Basics of Game Development

pirate ship in storm, pixel art
Game Development 101: (incomplete)
a. Basics of Game Development
b. Designing your Video Game
c. Math in Video Games
d. AI Decision-making & Pathfinding
e. Asset Creation & Game Art
f. Physics & Collision Detection
g. Shaders & VFX in Games
h. Multiplayer & Networking in Games

Intro

In this series, you’ll learn gamedev from scratch. The prerequisite to this text is, that you already have basic programming skills & logic-building. Game development process involves coming up with an idea, thinking hard to see if its feasible, designing your game, writing story, choosing development technologies, making art, coding it, adding sounds & music, adding UI interface & publishing it. All of these elements are usually done by separate teams in AAA studios, but here the target are indie developers who do everything alone or in a small do-it-all team. My approach in this text is to  gradually learn about the techniques & to practically implement them.

In a Nutshell

We use some images, 3D models, audio, and text to synthesize a game world which we are able to view on the screen using our game camera; one frame at a time. For the complete animation, we have many frames drawn per second to give the illusion of moving animation.

Now this “synthesis of game world” is what makes the game development so complex. We will slowly find out how.

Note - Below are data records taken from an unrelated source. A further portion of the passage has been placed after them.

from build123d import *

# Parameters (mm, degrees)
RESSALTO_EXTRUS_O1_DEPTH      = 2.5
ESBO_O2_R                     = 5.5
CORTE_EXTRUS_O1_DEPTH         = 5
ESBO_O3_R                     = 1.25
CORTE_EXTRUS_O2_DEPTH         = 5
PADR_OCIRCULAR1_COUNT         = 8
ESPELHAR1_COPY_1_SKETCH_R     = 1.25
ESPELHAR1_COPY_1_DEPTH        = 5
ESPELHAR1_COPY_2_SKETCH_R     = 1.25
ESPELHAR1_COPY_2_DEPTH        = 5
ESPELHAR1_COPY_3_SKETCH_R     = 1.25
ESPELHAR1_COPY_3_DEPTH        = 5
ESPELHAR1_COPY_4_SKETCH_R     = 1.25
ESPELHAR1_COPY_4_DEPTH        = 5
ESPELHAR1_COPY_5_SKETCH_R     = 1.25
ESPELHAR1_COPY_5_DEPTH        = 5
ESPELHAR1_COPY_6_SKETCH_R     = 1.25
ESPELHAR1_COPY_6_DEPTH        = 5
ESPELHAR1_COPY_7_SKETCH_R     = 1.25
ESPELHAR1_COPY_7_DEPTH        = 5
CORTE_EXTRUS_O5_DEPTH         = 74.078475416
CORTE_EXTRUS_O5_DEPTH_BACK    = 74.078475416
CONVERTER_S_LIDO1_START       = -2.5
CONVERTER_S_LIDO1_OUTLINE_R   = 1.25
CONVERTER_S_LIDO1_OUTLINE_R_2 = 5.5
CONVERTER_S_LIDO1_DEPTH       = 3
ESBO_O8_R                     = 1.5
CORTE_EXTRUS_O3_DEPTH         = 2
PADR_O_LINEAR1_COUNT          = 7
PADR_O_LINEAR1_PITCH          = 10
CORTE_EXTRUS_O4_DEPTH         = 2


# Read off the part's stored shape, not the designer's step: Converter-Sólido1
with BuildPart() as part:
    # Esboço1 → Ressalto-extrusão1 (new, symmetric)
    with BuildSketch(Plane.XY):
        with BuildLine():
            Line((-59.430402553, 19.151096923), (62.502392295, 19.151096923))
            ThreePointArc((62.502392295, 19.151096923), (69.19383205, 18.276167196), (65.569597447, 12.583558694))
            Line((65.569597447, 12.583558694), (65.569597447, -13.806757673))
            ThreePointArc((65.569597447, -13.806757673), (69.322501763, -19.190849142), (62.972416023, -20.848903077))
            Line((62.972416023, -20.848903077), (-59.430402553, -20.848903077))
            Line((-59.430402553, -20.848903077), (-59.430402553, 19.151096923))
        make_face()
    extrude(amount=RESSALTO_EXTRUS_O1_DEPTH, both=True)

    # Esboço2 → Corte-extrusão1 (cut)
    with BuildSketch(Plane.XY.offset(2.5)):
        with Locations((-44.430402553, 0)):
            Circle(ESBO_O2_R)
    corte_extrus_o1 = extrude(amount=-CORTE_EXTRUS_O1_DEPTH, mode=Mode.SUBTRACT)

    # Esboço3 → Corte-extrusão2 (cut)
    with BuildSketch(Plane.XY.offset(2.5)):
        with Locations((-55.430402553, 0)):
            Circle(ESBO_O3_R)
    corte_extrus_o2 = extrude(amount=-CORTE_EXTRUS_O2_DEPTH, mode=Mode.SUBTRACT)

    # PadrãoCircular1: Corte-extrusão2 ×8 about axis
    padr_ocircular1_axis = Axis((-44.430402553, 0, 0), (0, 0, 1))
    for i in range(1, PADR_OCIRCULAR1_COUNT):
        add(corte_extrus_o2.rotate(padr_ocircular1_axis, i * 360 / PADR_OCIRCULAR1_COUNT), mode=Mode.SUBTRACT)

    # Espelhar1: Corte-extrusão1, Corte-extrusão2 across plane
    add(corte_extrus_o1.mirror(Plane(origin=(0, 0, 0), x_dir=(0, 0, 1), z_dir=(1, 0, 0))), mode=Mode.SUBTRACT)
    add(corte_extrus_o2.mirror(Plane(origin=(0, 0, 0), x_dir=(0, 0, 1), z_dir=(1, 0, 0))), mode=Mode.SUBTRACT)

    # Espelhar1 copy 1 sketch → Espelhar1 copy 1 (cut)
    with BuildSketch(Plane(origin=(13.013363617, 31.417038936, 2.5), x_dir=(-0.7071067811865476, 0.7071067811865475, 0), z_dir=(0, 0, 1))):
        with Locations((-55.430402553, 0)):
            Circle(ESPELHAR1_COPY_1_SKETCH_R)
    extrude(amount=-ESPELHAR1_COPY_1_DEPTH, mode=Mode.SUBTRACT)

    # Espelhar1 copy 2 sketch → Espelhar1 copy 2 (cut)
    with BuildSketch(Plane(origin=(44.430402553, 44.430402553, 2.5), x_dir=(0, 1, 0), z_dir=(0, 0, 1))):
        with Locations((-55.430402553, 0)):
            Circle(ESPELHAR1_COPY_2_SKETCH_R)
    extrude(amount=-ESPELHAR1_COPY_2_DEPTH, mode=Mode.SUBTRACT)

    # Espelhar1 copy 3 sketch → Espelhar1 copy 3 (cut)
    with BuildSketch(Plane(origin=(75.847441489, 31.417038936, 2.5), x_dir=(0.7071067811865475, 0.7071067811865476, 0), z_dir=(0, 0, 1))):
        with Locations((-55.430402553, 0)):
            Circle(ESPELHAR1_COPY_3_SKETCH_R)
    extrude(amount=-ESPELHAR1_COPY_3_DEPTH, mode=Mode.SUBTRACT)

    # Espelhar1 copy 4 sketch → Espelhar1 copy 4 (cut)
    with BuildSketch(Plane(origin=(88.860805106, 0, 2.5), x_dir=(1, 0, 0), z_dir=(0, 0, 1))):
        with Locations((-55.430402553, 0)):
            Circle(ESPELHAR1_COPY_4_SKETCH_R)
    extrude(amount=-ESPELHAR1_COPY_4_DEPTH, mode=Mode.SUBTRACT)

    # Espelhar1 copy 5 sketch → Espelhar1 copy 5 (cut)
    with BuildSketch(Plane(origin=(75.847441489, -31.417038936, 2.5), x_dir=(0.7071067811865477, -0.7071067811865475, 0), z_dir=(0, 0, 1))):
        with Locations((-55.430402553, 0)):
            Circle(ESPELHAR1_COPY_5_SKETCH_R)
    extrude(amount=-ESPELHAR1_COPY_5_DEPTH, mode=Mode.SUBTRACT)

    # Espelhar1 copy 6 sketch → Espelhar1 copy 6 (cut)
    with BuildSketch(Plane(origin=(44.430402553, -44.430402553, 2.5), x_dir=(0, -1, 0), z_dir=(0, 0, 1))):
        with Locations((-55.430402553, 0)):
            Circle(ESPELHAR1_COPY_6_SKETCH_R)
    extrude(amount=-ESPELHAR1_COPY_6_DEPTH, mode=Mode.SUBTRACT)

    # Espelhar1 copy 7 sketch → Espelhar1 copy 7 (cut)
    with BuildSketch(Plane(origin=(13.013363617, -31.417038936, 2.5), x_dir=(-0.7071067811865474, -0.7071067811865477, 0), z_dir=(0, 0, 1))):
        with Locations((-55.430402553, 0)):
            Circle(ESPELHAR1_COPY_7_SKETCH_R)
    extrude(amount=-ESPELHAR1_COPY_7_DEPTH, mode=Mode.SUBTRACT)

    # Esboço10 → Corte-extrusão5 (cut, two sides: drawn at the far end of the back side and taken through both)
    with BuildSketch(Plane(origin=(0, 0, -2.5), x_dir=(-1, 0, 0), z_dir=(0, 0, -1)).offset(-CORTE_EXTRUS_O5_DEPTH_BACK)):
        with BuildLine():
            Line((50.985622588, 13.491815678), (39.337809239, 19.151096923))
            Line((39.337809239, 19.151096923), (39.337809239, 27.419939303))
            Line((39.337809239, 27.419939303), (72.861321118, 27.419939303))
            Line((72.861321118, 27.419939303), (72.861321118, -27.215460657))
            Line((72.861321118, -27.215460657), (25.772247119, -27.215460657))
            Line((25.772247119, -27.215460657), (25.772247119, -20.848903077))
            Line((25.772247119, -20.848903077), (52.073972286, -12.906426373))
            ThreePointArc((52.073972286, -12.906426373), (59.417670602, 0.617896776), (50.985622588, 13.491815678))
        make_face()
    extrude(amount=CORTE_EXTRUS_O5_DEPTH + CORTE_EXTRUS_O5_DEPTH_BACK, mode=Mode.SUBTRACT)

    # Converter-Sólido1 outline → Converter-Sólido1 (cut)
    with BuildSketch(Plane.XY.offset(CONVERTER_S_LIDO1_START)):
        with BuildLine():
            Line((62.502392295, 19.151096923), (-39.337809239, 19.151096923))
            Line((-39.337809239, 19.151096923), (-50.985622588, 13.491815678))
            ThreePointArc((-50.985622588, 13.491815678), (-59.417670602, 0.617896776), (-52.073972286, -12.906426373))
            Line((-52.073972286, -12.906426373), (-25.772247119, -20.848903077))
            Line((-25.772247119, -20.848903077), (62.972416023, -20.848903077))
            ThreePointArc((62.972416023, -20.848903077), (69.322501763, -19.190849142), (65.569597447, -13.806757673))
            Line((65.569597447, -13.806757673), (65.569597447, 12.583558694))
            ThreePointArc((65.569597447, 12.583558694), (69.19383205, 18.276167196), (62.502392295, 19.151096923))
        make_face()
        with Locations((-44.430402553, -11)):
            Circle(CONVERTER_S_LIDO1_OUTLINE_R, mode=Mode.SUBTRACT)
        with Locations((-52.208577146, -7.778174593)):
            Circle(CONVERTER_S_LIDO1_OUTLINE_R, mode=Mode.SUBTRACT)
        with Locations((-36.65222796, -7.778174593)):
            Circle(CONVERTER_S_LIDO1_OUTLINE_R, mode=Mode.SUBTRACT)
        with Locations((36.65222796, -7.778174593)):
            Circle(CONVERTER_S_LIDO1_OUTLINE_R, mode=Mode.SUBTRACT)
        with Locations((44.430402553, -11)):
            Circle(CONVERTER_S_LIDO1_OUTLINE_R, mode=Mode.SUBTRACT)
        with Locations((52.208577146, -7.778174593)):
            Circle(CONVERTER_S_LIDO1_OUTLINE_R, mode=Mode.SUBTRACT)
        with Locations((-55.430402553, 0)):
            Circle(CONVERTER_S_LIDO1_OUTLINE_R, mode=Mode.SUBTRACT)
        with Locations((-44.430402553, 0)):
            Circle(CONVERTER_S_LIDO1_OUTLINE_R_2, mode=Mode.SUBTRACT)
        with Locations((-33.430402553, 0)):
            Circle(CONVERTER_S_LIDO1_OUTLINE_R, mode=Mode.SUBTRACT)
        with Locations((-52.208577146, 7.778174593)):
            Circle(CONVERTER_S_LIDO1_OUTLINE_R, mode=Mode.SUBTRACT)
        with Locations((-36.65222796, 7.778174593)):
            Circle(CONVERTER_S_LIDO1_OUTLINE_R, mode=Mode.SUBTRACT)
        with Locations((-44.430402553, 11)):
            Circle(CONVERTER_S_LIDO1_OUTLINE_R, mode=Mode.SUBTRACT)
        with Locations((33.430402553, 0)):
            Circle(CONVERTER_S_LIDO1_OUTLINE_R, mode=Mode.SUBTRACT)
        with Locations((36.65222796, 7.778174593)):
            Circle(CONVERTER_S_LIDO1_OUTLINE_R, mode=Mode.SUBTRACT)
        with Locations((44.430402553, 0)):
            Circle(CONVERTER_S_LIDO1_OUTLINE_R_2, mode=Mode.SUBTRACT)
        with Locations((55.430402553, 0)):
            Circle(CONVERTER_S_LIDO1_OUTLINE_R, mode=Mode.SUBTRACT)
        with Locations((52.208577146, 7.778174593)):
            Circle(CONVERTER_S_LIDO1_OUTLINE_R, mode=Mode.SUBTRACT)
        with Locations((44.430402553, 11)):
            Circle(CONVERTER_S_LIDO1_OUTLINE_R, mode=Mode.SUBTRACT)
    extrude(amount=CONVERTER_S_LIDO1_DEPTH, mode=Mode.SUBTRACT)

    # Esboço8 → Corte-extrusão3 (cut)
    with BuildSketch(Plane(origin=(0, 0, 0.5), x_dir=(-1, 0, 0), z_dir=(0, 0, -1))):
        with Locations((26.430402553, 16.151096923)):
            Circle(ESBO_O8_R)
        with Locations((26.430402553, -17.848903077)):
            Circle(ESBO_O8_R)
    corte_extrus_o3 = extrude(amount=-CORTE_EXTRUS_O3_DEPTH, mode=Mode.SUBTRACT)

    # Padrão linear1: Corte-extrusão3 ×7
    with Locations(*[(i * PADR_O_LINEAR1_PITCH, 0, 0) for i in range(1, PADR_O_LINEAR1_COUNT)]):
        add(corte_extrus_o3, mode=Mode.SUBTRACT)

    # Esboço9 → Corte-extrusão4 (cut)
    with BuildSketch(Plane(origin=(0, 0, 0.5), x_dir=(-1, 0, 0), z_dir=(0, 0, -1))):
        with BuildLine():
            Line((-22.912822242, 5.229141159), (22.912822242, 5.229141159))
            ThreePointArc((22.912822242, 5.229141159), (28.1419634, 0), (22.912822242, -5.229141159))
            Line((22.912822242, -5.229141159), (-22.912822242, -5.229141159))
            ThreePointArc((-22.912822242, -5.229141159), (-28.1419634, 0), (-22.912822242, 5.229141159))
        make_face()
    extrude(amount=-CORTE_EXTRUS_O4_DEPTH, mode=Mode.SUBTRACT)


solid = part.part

Understanding the Bigger Picture

Whatever appears on the screen is an image generated as a result of computation. If something appears moving, that means the picture is changing & the new one is replacing it. It happens so fast that we usually do not notice it. Each of this image is called a frame & usually we have 60 frames per second (fps) in most video games.

In each frame, the computation that occurs is:

  1. Inputs are processed; that is, we detect input events such as mouse motion or keyboard key press and so on, so we can later move our characters & everything according to this input.
  2. Game state is changed; that is, the game characters & objects are actually moved & now positions and other variables are updated.
  3. The updated game state is then drawn to the screen (rendering).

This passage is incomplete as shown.